Count the lines of the data below that include the string "Transmitter", and provide nothing but the result.

» RECORDS SHOWN:
◆ ◆ ◆ ◆
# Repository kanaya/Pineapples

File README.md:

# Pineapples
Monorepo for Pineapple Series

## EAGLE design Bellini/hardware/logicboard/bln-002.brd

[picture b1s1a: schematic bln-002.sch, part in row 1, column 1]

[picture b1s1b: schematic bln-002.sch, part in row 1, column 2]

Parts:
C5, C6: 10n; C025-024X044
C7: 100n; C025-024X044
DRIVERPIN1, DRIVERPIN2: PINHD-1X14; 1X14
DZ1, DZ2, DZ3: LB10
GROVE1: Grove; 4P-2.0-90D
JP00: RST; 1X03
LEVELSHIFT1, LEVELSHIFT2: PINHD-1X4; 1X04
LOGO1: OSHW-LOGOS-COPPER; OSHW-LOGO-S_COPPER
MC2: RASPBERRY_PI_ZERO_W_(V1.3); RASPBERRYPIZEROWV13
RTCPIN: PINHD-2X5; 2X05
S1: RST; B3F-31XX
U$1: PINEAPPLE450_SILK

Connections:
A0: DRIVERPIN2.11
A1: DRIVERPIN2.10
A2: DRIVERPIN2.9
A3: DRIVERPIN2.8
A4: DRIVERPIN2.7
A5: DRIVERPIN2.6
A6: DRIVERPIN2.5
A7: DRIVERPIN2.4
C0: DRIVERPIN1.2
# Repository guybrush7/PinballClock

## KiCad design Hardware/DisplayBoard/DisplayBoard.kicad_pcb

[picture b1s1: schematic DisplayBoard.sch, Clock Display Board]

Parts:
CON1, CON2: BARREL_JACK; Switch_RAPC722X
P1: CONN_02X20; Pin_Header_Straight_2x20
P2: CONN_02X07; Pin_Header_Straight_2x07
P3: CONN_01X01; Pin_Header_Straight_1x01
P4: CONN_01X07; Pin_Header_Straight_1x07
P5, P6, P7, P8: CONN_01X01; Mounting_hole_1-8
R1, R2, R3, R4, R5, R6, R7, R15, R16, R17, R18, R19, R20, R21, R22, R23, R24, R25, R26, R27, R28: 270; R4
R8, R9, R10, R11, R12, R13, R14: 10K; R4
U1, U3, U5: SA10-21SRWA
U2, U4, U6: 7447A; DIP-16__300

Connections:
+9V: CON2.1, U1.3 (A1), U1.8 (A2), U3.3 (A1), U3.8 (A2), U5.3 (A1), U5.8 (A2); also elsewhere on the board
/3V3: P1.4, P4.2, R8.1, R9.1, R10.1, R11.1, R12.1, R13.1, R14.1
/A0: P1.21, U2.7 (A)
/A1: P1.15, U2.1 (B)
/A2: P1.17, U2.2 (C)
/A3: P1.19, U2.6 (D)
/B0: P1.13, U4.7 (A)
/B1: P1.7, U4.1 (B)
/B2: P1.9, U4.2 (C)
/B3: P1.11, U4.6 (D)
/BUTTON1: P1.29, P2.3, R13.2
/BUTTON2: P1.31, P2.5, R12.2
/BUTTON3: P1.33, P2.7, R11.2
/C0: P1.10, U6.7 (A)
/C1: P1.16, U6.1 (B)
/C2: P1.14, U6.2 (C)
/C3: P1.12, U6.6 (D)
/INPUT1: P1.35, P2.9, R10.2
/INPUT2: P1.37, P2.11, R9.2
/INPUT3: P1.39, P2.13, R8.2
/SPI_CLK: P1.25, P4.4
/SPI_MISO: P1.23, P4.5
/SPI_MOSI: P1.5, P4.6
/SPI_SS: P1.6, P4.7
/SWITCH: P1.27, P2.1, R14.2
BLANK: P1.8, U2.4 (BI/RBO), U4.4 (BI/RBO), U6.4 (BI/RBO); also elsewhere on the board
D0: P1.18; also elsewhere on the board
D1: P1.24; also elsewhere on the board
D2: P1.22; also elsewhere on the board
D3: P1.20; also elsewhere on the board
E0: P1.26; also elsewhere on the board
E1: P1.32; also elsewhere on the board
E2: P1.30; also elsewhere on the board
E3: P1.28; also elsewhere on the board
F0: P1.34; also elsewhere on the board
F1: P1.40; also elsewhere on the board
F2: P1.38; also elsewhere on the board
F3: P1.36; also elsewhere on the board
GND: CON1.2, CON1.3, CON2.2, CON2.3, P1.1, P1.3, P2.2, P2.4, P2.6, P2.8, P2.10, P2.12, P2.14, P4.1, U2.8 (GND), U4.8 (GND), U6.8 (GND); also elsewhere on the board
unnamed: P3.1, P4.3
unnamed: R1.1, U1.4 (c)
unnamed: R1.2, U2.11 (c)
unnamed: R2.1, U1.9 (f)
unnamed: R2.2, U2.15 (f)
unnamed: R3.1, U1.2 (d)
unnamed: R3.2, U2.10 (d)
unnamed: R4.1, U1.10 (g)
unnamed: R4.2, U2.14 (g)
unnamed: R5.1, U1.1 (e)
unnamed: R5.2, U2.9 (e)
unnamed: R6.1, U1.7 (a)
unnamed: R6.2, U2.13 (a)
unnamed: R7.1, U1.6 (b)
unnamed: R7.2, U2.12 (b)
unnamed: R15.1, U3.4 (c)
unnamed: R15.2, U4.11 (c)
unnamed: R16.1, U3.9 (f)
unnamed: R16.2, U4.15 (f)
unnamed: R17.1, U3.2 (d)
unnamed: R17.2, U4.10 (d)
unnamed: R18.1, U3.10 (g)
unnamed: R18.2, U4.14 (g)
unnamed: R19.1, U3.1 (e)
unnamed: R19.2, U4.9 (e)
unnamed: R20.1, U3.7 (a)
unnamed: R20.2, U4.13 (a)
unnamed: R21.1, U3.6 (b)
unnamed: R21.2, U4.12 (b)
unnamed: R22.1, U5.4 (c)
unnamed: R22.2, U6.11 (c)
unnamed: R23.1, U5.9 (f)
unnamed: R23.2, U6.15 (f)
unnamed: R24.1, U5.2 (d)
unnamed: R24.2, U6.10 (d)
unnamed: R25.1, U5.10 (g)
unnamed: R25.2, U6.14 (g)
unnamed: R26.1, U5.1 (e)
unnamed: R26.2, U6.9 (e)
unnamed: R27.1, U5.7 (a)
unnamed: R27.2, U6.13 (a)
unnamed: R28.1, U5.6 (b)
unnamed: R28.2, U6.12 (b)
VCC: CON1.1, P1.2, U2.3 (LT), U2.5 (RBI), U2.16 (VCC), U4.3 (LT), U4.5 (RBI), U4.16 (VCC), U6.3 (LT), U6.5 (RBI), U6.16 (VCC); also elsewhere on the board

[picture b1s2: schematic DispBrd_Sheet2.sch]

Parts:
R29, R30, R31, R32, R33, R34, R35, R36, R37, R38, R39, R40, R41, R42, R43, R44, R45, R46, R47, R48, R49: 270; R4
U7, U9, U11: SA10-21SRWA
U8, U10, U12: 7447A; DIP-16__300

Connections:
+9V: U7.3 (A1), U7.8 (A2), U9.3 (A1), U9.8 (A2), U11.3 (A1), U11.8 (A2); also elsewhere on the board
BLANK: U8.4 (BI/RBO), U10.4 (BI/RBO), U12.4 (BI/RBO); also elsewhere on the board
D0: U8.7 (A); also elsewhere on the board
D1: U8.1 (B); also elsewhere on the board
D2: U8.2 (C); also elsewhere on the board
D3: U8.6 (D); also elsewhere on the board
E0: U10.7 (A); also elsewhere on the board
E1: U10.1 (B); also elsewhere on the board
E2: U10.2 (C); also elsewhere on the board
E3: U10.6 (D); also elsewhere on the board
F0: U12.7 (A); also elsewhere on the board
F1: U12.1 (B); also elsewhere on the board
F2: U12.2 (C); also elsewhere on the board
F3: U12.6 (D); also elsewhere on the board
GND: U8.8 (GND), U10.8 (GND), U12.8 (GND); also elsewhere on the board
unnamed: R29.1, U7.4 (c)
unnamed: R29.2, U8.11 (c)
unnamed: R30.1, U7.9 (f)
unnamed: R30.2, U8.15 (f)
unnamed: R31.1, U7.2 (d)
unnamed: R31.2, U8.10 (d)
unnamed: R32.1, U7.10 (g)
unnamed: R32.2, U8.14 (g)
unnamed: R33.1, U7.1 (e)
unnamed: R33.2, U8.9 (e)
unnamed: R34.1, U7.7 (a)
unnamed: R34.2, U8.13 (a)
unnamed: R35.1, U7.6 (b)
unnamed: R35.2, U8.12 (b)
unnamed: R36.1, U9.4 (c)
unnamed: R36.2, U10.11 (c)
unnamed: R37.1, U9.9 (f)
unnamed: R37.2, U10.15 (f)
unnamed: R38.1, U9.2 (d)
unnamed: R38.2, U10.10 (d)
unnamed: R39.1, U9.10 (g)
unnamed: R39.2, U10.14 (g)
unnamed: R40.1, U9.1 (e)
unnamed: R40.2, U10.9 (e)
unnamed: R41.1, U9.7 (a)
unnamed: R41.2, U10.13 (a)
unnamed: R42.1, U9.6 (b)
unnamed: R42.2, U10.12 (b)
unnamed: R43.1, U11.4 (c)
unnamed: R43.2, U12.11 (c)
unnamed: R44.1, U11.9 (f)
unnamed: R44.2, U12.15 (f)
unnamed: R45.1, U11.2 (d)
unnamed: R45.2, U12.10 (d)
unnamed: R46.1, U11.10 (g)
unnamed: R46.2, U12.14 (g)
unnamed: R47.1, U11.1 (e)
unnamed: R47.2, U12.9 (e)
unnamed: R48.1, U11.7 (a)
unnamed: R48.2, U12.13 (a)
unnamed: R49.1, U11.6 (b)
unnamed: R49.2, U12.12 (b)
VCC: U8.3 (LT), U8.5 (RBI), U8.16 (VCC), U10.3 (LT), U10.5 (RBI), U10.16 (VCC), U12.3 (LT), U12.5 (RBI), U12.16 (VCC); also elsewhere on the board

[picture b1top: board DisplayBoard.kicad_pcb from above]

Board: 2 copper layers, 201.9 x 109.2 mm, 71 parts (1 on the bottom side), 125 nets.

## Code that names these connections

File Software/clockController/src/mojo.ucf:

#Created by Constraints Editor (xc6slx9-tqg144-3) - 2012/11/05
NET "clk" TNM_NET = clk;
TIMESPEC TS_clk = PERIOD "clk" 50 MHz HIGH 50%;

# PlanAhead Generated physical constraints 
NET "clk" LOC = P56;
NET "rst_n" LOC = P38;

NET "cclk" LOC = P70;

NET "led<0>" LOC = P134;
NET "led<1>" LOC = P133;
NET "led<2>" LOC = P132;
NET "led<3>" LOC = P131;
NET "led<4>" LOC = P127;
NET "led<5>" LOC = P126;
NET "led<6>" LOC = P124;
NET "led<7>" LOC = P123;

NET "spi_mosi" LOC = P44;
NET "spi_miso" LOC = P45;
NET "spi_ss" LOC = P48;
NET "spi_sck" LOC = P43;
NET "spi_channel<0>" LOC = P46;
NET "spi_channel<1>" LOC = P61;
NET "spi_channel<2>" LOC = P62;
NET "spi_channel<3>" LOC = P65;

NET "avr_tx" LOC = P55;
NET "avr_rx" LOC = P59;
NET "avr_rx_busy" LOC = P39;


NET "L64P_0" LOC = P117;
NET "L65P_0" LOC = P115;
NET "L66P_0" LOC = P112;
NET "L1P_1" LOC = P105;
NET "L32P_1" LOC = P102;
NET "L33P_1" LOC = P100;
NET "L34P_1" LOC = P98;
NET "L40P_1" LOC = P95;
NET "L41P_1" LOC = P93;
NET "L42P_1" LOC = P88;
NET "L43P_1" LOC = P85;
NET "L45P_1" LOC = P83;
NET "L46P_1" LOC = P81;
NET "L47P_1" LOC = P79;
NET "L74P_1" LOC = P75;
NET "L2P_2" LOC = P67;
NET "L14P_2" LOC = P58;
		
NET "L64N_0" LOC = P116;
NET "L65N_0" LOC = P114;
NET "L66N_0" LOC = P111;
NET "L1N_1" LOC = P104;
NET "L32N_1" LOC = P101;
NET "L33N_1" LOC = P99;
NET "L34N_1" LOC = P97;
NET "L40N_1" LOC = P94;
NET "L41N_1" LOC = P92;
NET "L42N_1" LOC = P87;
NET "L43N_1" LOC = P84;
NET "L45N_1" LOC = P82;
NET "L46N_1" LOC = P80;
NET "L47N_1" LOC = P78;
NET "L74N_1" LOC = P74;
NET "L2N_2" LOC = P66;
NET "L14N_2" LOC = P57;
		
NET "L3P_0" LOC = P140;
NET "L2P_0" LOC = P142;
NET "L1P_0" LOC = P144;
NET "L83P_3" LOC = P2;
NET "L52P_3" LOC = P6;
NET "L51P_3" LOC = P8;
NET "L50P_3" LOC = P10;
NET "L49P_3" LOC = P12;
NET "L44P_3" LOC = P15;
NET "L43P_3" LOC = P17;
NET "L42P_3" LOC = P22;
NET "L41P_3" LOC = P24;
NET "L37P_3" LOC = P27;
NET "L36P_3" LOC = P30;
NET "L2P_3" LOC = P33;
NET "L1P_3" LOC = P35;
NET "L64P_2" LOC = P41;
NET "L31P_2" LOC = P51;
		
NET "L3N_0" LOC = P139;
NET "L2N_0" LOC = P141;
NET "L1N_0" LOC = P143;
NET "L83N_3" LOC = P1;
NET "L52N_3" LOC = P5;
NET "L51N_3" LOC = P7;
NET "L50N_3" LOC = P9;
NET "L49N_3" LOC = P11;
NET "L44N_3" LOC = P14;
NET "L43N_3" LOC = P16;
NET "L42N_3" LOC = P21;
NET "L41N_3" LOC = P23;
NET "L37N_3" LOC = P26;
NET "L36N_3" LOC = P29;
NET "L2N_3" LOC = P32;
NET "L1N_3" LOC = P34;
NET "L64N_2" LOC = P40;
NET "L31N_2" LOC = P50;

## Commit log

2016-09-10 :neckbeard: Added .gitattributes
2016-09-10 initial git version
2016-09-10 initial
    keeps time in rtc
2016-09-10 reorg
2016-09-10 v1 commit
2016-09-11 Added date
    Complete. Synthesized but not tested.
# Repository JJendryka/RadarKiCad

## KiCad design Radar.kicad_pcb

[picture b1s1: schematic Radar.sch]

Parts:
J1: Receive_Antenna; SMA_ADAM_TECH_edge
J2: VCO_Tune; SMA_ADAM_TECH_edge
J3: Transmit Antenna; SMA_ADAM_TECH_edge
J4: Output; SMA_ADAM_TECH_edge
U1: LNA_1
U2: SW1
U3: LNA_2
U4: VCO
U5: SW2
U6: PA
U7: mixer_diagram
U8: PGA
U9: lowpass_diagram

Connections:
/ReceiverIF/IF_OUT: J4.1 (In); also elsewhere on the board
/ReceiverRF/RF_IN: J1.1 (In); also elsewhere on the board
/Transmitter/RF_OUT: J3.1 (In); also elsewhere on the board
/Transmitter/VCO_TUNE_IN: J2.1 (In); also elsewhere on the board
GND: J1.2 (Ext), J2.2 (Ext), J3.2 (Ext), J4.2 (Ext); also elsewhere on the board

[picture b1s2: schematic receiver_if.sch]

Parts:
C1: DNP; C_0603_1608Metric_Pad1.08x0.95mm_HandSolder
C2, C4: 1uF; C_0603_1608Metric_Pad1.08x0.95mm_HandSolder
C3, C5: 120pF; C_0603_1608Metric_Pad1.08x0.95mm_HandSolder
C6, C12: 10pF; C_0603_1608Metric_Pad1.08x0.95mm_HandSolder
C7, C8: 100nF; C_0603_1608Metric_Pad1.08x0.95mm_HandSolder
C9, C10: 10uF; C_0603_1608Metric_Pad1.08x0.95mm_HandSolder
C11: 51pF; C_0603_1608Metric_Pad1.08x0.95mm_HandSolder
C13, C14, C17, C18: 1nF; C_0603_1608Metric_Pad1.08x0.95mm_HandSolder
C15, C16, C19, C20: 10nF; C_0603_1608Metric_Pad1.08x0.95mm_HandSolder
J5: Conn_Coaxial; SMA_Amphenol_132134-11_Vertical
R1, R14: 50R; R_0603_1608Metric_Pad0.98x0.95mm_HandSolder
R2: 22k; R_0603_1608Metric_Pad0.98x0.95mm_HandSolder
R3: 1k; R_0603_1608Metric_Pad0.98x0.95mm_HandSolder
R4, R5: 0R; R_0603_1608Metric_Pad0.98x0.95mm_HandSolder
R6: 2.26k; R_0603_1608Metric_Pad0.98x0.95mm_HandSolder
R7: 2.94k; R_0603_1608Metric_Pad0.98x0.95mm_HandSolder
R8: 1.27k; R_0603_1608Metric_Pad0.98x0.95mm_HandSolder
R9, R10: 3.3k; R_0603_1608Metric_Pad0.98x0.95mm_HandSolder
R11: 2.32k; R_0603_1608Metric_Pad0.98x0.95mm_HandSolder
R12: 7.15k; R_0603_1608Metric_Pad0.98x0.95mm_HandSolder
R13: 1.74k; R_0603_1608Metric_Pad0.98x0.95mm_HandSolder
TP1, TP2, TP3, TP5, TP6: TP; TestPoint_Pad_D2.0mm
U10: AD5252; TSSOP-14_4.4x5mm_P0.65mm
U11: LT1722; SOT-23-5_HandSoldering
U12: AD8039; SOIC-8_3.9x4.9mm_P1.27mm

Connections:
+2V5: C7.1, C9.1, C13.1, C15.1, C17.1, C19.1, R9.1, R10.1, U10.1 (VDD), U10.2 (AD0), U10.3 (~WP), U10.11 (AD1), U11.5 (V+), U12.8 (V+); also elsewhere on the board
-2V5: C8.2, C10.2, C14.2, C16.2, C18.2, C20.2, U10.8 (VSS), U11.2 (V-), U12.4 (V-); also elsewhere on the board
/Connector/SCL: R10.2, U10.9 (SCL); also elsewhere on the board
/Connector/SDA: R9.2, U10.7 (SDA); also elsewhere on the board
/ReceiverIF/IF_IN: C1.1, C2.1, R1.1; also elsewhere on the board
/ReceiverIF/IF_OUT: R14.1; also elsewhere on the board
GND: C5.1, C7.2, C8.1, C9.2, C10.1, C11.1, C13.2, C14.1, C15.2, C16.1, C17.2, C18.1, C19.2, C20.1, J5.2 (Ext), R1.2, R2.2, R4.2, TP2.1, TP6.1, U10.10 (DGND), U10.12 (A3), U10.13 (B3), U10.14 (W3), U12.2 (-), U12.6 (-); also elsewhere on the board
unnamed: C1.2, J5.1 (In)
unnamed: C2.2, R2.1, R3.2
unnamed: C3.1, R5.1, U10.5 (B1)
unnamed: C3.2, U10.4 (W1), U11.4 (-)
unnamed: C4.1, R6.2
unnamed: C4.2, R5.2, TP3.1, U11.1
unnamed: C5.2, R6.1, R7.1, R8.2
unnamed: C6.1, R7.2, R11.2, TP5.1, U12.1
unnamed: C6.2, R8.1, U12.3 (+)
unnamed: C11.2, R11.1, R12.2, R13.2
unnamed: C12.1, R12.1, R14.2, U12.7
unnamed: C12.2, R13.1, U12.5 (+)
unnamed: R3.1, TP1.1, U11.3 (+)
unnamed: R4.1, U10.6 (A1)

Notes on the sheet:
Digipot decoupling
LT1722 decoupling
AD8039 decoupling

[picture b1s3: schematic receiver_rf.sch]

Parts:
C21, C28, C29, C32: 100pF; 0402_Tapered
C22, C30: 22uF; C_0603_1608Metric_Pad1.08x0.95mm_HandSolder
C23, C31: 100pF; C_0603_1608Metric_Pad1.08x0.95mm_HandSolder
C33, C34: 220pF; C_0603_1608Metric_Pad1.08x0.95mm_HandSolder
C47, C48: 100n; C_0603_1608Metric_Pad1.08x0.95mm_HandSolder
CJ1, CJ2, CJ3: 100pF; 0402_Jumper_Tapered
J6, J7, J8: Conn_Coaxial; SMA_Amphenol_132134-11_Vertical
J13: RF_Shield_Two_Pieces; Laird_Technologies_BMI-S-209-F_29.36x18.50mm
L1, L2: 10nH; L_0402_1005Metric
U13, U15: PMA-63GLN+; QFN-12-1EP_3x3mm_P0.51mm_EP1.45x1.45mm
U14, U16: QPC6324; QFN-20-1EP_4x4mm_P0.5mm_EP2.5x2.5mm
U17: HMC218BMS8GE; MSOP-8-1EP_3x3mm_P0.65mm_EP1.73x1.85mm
◆ ◆ ◆ ◆
» ANSWER FOR THE TASK: 2